#### PROVIDED ENTRIES ####

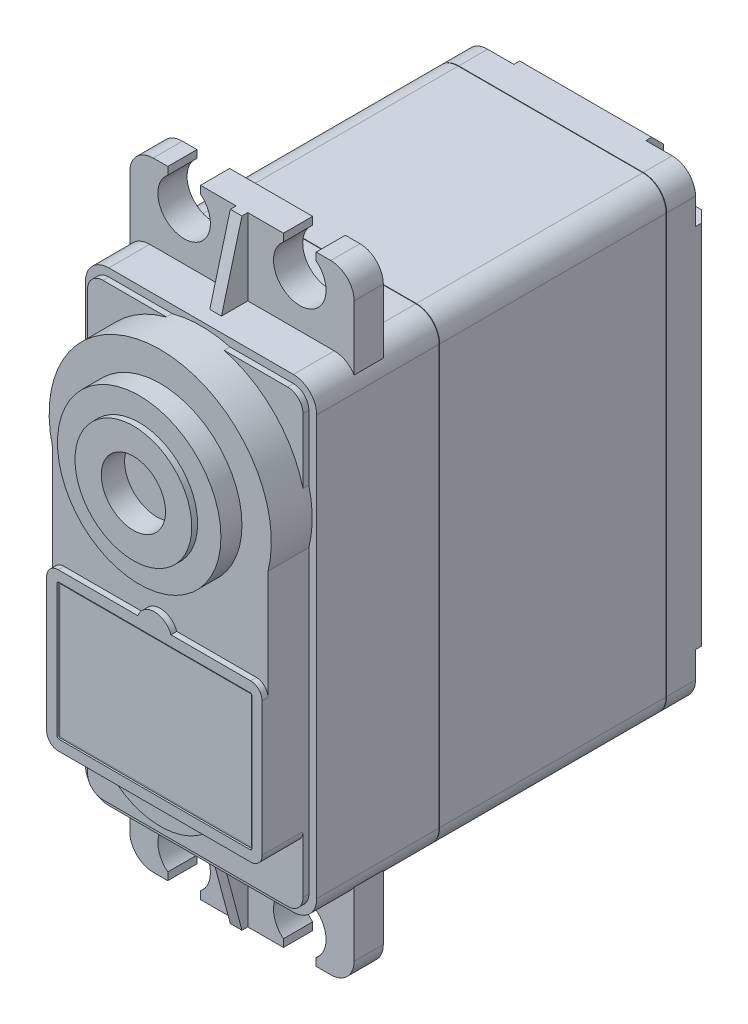
SolidWorks part; units mm, degrees
ref_plane "Piano frontale" through (0, 0, 0) normal (0, 0, 1) x (1, 0, 0)
ref_plane "Piano superiore" through (0, 0, 0) normal (0, 1, 0) x (1, 0, 0)
ref_plane "Piano destro" through (0, 0, 0) normal (1, 0, 0) x (0, 0, -1)
sketch "RIFERIMENTO" plane through (0, 0, 0) normal (0, 0, 1) x (1, 0, 0)
  line L0 (27.4785, 59.5052) -> (56.14, 59.5052) construction
  line L1 (31.8933, 83.5052) -> (51.7033, 83.5052) construction
  line L2 (31.8933, 35.5052) -> (51.7033, 35.5052) construction
  line L3 (41.7983, 33.0902) -> (41.7983, 85.9202) construction
  line L4 (46.7513, 33.0902) -> (46.7513, 85.9202) construction
  line L5 (36.8453, 33.0902) -> (36.8453, 85.9202) construction
  line L6 (35.4453, 33.0902) -> (35.4453, 33.7438)
  line L7 (38.2453, 33.0902) -> (38.2453, 33.7438)
  line L8 (45.3513, 33.0902) -> (45.3513, 33.7438)
  line L9 (48.1513, 33.0902) -> (48.1513, 33.7438)
  line L10 (38.2453, 33.0902) -> (45.3513, 33.0902)
  line L11 (35.4453, 85.9202) -> (35.4453, 85.2666)
  line L12 (38.2453, 85.9202) -> (38.2453, 85.2666)
  line L13 (48.1513, 85.9202) -> (48.1513, 85.2666)
  line L14 (45.3513, 85.9202) -> (45.3513, 85.2666)
  line L15 (35.4453, 85.9202) -> (34.1933, 85.9202)
  line L16 (32.1933, 83.9202) -> (32.1933, 78.4238)
  line L17 (45.3513, 85.9202) -> (38.2453, 85.9202)
  line L18 (28.408, 69.5052) -> (54.9221, 69.5052) construction
  line L19 (33.9696, 46.7742) -> (33.9696, 57.4156)
  line L20 (49.6489, 46.7742) -> (49.6489, 57.4156)
  line L21 (33.9696, 57.4156) -> (49.6489, 57.4156)
  line L22 (33.9696, 46.7742) -> (49.6489, 46.7742)
  line L23 (51.4033, 78.4238) -> (51.4033, 83.9202)
  line L24 (49.4033, 85.9202) -> (48.1513, 85.9202)
  line L25 (35.4453, 33.0902) -> (34.1933, 33.0902)
  line L26 (32.1933, 35.0902) -> (32.1933, 40.4366)
  line L27 (51.4033, 40.4366) -> (51.4033, 35.0902)
  line L28 (49.4033, 33.0902) -> (48.1513, 33.0902)
  line L29 (32.5696, 46.3742) -> (32.5696, 57.8156)
  line L30 (33.5696, 58.8156) -> (40.384, 58.8156)
  line L31 (33.5696, 45.3742) -> (50.0489, 45.3742)
  line L32 (42.3983, 69.2052) -> (42.6983, 69.2052)
  line L33 (42.8483, 69.3552) -> (42.8483, 69.6552)
  line L34 (42.6983, 69.8052) -> (42.3983, 69.8052)
  line L35 (42.0983, 70.1052) -> (42.0983, 70.4052)
  line L36 (41.9483, 70.5552) -> (41.6483, 70.5552)
  line L37 (41.4983, 70.4052) -> (41.4983, 70.1052)
  line L38 (41.1983, 69.8052) -> (40.8983, 69.8052)
  line L39 (40.7483, 69.6552) -> (40.7483, 69.3552)
  line L40 (40.8983, 69.2052) -> (41.1983, 69.2052)
  line L41 (41.4983, 68.9052) -> (41.4983, 68.6052)
  line L42 (41.6483, 68.4552) -> (41.9483, 68.4552)
  line L43 (42.0983, 68.6052) -> (42.0983, 68.9052)
  line L44 (31.8933, 77.3702) -> (31.8933, 41.4902)
  line L45 (33.8933, 39.4902) -> (49.7033, 39.4902)
  line L46 (51.7033, 41.4902) -> (51.7033, 77.3702)
  line L47 (49.7033, 79.3702) -> (33.8933, 79.3702)
  line L48 (32.5696, 77.3702) -> (32.5696, 41.4902)
  line L49 (33.8933, 40.1665) -> (49.7033, 40.1665)
  line L50 (51.027, 41.4902) -> (51.027, 77.3702)
  line L51 (49.7033, 78.6939) -> (33.8933, 78.6939)
  line L52 (51.027, 46.3742) -> (51.027, 57.8156)
  line L53 (42.2983, 33.0902) -> (42.2983, 39.4902)
  line L54 (41.2983, 33.0902) -> (41.2983, 39.4902)
  line L55 (42.2983, 81.4885) -> (42.2983, 85.9202)
  line L56 (41.2983, 81.4996) -> (41.2983, 85.9202)
  line L57 (70.4217, 57.5059) -> (70.4217, 81.4996)
  line L58 (70.4217, 81.4996) -> (72.4217, 81.4996)
  line L59 (72.4217, 81.4996) -> (72.4217, 57.5059)
  line L60 (72.4217, 57.5059) -> (70.4217, 57.5059)
  line L61 (76.9317, 45.3742) -> (76.9317, 58.8156)
  line L62 (76.9317, 58.8156) -> (77.4317, 58.8156)
  line L63 (80.9317, 39.4902) -> (80.9317, 79.3702)
  line L64 (113.8717, 39.4902) -> (80.9317, 39.4902)
  line L65 (91.4317, 39.4902) -> (91.4317, 79.3702)
  line L66 (80.9317, 79.3702) -> (113.8717, 79.3702)
  line L67 (114.8717, 78.3702) -> (114.8717, 40.4902)
  line L68 (86.9317, 39.4902) -> (86.9317, 33.0902)
  line L69 (86.9317, 33.0902) -> (84.4317, 33.0902)
  line L70 (84.4317, 33.0902) -> (84.4317, 39.4902)
  line L71 (84.4317, 33.0902) -> (83.9317, 33.0902)
  line L72 (83.9317, 33.0902) -> (82.2168, 39.4902)
  line L73 (86.9317, 79.3702) -> (86.9317, 85.7702)
  line L74 (86.9317, 85.7702) -> (84.4317, 85.7702)
  line L75 (84.4317, 85.7702) -> (84.4317, 79.3702)
  line L76 (84.4317, 85.7702) -> (83.9317, 85.7702)
  line L77 (83.9317, 85.7702) -> (82.2168, 79.3702)
  line L78 (76.9317, 45.3742) -> (80.4317, 45.3742)
  line L79 (80.9317, 78.8702) -> (80.4317, 78.8702)
  line L80 (77.4317, 79.0202) -> (77.4317, 58.8156)
  line L81 (76.9317, 58.8156) -> (76.9317, 59.8156)
  line L82 (76.9317, 59.8156) -> (77.4317, 59.8156)
  line L83 (77.4317, 43.6525) -> (80.4317, 43.6525)
  line L84 (80.9317, 39.9902) -> (80.4317, 39.9902)
  line L85 (80.4317, 39.9902) -> (80.4317, 67.1884)
  line L86 (77.4317, 45.3742) -> (77.4317, 43.6525)
  line L87 (80.9317, 79.0202) -> (77.4317, 79.0202)
  line L88 (77.4317, 67.1884) -> (80.4317, 67.1884)
  line L89 (80.4317, 71.8219) -> (80.4317, 78.8702)
  line L90 (69.9217, 65.8051) -> (69.9217, 73.2003)
  line L91 (70.4217, 73.2003) -> (69.9217, 73.2003)
  line L92 (70.4217, 65.8051) -> (69.9217, 65.8051)
  line L93 (110.8717, 79.3702) -> (110.8717, 39.4902)
  line L94 (114.8717, 43.7402) -> (113.3717, 43.7402)
  line L95 (113.3717, 43.7402) -> (113.3717, 39.4902)
  line L96 (113.8717, 39.4902) -> (114.8717, 40.4902)
  line L97 (113.8717, 79.3702) -> (114.8717, 78.3702)
  line L98 (114.8717, 75.1202) -> (113.3717, 75.1202)
  line L99 (113.3717, 75.1202) -> (113.3717, 79.3702)
  line L100 (113.8717, 75.1202) -> (113.8717, 43.7402)
  line L101 (72.4217, 74.0027) -> (74.4217, 74.0027)
  line L102 (74.4217, 74.0027) -> (74.4217, 65.0027)
  line L103 (74.4217, 65.0027) -> (72.4217, 65.0027)
  line L104 (67.8152, 69.5052) -> (83.0318, 69.5052) construction
  line L105 (75.6317, 76.5052) -> (75.6317, 62.5052)
  line L106 (75.6317, 76.5052) -> (77.4317, 76.5052)
  line L107 (75.6317, 62.5052) -> (77.4317, 62.5052)
  line L108 (75.6317, 74.5052) -> (75.1317, 74.5052)
  line L109 (75.1317, 74.5052) -> (75.1317, 64.5052)
  line L110 (75.1317, 64.5052) -> (75.6317, 64.5052)
  line L111 (43.2125, 58.8156) -> (50.0489, 58.8156)
  arc A0 (48.1513, 33.7438) -> (45.3513, 33.7438) centre (46.7513, 35.5052) ccw
  arc A1 (38.2453, 33.7438) -> (35.4453, 33.7438) centre (36.8453, 35.5052) ccw
  arc A2 (35.4453, 85.2666) -> (38.2453, 85.2666) centre (36.8453, 83.5052) ccw
  arc A3 (45.3513, 85.2666) -> (48.1513, 85.2666) centre (46.7513, 83.5052) ccw
  circle A4 centre (41.6651, 69.5052) radius 12
  circle A5 centre (50.2983, 69.5052) radius 0.6
  circle A6 centre (49.7985, 72.3768) radius 0.6
  circle A7 centre (49.7985, 66.6335) radius 0.6
  circle A8 centre (33.2983, 69.5052) radius 0.6
  circle A9 centre (33.798, 72.3768) radius 0.6
  circle A10 centre (33.798, 66.6335) radius 0.6
  circle A11 centre (41.7983, 76.3052) radius 0.6
  circle A12 centre (41.7983, 79.5052) radius 0.6
  circle A13 centre (44.1459, 75.8871) radius 0.6
  circle A14 centre (45.2506, 78.8903) radius 0.6
  circle A15 centre (39.4507, 75.8871) radius 0.6
  circle A16 centre (38.3459, 78.8903) radius 0.6
  circle A17 centre (41.7983, 62.7052) radius 0.6
  circle A18 centre (41.7983, 59.5052) radius 0.6
  circle A19 centre (44.1459, 63.1233) radius 0.6
  circle A20 centre (45.2506, 60.12) radius 0.6
  circle A21 centre (39.4507, 63.1233) radius 0.6
  circle A22 centre (38.3459, 60.12) radius 0.6
  circle A23 centre (41.7983, 69.5052) radius 2.5
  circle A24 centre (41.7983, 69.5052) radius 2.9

####

WHAT YOU ARE ASKED TO DO:
Look above for the line with "line L48 (32.5696, 77.3702)" and the line with "line L52 (51.027, 46.3742)". Retype those two lines and every line between them exactly, adding nothing.

SOLVED EXERCISE:
  line L48 (32.5696, 77.3702) -> (32.5696, 41.4902)
  line L49 (33.8933, 40.1665) -> (49.7033, 40.1665)
  line L50 (51.027, 41.4902) -> (51.027, 77.3702)
  line L51 (49.7033, 78.6939) -> (33.8933, 78.6939)
  line L52 (51.027, 46.3742) -> (51.027, 57.8156)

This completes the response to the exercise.